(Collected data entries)
Start of Block

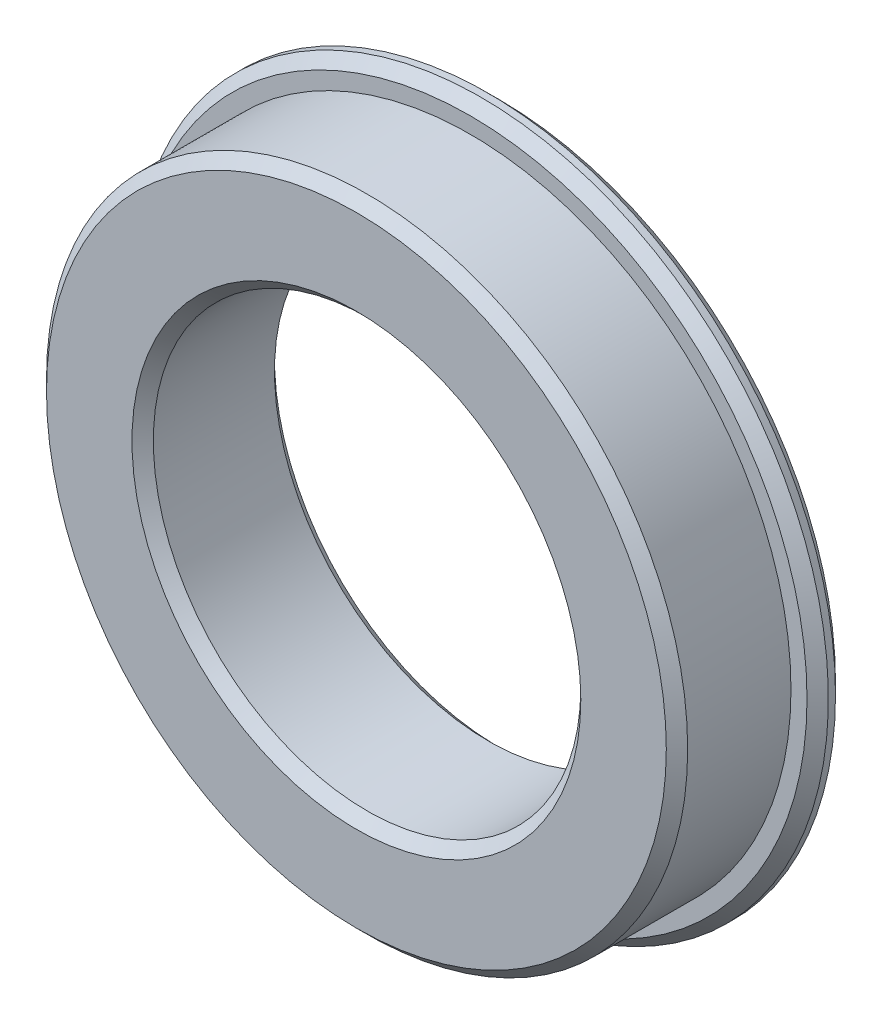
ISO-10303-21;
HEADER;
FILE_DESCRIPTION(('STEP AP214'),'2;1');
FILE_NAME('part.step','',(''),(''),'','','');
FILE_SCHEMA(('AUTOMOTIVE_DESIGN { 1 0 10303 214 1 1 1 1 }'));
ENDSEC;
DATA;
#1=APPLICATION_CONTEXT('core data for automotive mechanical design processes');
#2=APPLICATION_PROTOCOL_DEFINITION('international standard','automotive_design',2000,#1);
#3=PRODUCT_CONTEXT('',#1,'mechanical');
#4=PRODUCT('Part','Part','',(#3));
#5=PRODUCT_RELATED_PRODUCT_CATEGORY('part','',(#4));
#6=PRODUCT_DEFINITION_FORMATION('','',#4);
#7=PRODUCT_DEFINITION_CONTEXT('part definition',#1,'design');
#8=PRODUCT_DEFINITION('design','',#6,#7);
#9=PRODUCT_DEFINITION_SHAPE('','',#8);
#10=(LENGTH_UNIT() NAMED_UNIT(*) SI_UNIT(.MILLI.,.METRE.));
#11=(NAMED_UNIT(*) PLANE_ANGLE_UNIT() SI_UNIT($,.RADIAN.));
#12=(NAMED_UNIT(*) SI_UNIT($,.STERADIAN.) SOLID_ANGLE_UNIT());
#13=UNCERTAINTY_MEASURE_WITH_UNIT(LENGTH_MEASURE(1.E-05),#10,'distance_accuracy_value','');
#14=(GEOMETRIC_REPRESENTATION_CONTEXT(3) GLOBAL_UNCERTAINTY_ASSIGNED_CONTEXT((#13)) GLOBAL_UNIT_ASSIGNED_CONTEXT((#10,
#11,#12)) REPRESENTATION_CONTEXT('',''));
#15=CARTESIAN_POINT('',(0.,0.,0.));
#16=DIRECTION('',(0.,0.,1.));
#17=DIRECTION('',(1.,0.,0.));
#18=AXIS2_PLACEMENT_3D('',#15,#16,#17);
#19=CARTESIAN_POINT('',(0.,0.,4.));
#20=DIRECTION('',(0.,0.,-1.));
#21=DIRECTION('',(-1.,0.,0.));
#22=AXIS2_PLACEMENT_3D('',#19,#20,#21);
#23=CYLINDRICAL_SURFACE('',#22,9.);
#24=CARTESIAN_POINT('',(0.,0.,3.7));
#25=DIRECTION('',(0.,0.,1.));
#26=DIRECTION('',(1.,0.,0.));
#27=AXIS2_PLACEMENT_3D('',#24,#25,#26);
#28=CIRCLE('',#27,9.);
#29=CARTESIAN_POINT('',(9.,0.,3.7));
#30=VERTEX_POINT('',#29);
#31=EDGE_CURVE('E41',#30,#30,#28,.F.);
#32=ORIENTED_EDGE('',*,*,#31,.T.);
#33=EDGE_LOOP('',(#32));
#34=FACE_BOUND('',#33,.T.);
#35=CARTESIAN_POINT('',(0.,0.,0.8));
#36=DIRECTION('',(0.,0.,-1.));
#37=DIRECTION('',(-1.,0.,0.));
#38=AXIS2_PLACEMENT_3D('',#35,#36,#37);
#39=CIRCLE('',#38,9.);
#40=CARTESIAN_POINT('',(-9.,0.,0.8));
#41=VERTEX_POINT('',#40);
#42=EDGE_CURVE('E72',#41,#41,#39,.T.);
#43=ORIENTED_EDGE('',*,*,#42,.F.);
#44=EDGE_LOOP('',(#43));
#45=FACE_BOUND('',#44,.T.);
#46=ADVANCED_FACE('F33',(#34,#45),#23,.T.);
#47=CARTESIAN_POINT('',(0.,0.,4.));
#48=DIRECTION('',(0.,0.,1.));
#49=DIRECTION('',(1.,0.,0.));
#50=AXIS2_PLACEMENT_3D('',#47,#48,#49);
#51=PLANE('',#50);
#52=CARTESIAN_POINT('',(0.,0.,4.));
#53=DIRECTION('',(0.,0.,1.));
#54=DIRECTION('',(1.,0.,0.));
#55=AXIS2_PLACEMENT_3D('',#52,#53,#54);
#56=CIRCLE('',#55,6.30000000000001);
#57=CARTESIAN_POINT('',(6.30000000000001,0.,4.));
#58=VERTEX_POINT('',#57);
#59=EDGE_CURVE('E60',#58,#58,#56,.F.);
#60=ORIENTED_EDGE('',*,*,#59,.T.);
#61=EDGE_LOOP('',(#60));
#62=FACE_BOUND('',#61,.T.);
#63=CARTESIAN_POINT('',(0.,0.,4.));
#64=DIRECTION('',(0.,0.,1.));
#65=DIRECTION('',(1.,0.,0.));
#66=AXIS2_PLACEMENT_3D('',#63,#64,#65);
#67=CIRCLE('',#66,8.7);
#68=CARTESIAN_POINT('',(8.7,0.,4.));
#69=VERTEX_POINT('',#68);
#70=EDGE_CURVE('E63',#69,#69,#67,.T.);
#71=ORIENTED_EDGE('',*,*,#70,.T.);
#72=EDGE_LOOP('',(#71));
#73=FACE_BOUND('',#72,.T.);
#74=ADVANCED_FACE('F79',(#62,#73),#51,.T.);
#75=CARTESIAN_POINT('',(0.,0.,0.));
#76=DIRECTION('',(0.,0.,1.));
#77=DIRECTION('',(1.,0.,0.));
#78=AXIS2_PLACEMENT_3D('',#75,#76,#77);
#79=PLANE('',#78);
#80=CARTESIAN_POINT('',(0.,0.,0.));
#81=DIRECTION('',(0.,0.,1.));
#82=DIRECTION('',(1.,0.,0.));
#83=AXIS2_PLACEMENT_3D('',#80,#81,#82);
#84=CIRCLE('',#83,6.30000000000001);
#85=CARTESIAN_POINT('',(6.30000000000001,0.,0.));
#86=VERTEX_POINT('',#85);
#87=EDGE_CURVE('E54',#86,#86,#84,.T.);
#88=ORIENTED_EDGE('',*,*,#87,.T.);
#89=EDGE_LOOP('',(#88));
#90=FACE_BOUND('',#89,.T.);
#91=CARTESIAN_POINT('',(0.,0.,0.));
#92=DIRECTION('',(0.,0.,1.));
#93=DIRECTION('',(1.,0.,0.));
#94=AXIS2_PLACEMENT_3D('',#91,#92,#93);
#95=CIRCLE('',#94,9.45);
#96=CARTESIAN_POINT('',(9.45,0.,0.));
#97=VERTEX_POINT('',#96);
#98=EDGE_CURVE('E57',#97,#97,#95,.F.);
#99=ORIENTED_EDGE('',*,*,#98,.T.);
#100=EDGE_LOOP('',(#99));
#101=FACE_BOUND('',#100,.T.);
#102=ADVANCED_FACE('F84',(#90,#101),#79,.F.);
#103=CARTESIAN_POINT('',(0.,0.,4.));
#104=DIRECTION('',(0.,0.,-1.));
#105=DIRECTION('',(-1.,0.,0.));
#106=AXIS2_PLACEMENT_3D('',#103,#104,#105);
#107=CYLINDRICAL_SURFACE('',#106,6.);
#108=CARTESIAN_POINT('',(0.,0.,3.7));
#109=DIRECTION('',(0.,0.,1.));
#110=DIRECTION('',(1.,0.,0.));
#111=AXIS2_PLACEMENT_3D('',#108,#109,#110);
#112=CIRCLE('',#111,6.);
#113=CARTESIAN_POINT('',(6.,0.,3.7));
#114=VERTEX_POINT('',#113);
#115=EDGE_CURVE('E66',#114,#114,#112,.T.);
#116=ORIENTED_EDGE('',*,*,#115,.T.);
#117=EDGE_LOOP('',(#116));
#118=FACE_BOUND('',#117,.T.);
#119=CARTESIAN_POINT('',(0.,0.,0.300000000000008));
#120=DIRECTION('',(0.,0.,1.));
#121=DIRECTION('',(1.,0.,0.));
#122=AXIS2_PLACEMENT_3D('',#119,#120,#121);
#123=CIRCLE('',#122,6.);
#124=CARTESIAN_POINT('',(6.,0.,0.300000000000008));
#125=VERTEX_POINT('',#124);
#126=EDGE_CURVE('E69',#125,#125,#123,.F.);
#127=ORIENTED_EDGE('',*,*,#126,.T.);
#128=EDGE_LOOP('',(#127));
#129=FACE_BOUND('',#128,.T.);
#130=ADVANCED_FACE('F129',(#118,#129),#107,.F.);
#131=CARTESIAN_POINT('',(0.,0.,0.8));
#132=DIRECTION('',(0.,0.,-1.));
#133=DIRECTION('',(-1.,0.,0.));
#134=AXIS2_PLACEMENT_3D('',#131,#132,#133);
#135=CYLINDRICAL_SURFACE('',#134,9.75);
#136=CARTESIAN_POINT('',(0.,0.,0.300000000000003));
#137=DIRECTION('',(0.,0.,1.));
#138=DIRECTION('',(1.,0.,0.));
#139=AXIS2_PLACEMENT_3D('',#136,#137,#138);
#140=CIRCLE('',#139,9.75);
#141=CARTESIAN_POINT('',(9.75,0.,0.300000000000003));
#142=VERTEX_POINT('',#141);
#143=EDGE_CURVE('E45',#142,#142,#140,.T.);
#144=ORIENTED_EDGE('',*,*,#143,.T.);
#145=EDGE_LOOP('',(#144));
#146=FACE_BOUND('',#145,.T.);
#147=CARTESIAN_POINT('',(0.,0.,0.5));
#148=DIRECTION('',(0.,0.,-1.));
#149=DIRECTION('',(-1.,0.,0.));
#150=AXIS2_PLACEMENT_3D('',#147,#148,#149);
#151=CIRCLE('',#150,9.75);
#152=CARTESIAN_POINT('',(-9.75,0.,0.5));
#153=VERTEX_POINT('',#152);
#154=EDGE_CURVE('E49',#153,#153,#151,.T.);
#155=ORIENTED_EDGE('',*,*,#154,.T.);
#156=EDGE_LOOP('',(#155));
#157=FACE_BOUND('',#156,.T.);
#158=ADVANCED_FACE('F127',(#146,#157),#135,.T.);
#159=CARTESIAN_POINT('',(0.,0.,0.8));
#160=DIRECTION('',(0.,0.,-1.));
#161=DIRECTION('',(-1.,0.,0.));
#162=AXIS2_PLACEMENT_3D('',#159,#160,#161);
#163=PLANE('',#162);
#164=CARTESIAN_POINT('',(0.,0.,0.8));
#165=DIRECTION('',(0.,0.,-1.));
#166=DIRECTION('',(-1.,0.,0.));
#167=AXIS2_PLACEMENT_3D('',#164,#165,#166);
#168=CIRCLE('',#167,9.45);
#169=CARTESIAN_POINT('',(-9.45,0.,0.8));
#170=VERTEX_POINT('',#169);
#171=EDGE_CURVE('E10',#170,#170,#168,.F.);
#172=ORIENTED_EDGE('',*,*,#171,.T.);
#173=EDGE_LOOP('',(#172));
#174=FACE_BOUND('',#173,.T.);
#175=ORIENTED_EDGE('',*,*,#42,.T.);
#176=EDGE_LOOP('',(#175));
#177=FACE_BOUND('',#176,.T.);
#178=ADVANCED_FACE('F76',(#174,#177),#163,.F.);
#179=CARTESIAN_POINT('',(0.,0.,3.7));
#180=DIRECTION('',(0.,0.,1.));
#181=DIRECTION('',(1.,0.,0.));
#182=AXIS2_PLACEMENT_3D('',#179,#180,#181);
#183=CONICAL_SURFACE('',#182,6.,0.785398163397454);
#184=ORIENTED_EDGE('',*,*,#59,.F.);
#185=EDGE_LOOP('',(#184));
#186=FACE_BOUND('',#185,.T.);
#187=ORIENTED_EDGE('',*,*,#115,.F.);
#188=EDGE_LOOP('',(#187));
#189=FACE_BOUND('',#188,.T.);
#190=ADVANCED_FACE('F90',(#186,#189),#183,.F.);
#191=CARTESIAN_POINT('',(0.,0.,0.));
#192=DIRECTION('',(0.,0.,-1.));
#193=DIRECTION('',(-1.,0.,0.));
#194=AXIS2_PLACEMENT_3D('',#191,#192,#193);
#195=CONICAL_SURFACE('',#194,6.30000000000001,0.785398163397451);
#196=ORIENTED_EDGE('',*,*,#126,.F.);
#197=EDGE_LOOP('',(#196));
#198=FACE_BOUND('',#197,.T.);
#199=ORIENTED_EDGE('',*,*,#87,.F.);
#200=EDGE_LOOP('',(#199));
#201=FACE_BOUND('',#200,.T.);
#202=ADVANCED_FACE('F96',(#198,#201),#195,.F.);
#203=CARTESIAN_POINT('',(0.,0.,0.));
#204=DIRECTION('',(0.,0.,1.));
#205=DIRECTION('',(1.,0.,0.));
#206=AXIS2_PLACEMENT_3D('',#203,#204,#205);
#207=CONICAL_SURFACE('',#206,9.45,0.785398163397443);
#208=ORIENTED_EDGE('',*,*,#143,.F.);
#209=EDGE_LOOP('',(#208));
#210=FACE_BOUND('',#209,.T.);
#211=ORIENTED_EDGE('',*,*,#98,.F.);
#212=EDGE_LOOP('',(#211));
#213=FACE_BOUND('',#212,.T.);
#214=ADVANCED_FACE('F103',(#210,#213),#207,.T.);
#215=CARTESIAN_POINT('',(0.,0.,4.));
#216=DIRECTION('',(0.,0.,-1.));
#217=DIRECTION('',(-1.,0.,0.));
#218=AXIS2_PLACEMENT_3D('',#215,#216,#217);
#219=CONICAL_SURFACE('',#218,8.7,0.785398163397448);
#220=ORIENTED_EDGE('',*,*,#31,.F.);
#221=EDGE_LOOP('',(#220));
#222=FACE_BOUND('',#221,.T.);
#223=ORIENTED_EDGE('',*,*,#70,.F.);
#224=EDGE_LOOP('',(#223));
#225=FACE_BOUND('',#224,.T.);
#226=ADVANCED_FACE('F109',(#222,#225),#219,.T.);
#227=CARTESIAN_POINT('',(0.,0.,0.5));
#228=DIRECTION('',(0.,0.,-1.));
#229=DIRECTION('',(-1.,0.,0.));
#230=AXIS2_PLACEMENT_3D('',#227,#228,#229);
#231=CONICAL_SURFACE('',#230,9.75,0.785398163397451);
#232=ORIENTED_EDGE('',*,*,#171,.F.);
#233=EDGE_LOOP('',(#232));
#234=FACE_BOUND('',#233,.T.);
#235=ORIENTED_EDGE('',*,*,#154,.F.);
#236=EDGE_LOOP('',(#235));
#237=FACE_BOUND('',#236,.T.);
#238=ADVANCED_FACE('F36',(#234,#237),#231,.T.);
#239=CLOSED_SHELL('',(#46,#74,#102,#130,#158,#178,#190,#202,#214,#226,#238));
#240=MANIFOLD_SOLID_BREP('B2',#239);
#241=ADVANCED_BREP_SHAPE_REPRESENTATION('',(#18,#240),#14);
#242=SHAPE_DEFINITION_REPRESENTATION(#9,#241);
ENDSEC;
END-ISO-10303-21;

End of Block

#### [Task details]
Only one stretch of the records above is wanted: the lines between the one holding "#206=AXIS2_PLACEMENT_3D('',#203,#204,#205);" and the one holding "#215=CARTESIAN_POINT('',(0.,0.,4.));", inclusive, reproduced exactly.

#### [Output below]
#206=AXIS2_PLACEMENT_3D('',#203,#204,#205);
#207=CONICAL_SURFACE('',#206,9.45,0.785398163397443);
#208=ORIENTED_EDGE('',*,*,#143,.F.);
#209=EDGE_LOOP('',(#208));
#210=FACE_BOUND('',#209,.T.);
#211=ORIENTED_EDGE('',*,*,#98,.F.);
#212=EDGE_LOOP('',(#211));
#213=FACE_BOUND('',#212,.T.);
#214=ADVANCED_FACE('F103',(#210,#213),#207,.T.);
#215=CARTESIAN_POINT('',(0.,0.,4.));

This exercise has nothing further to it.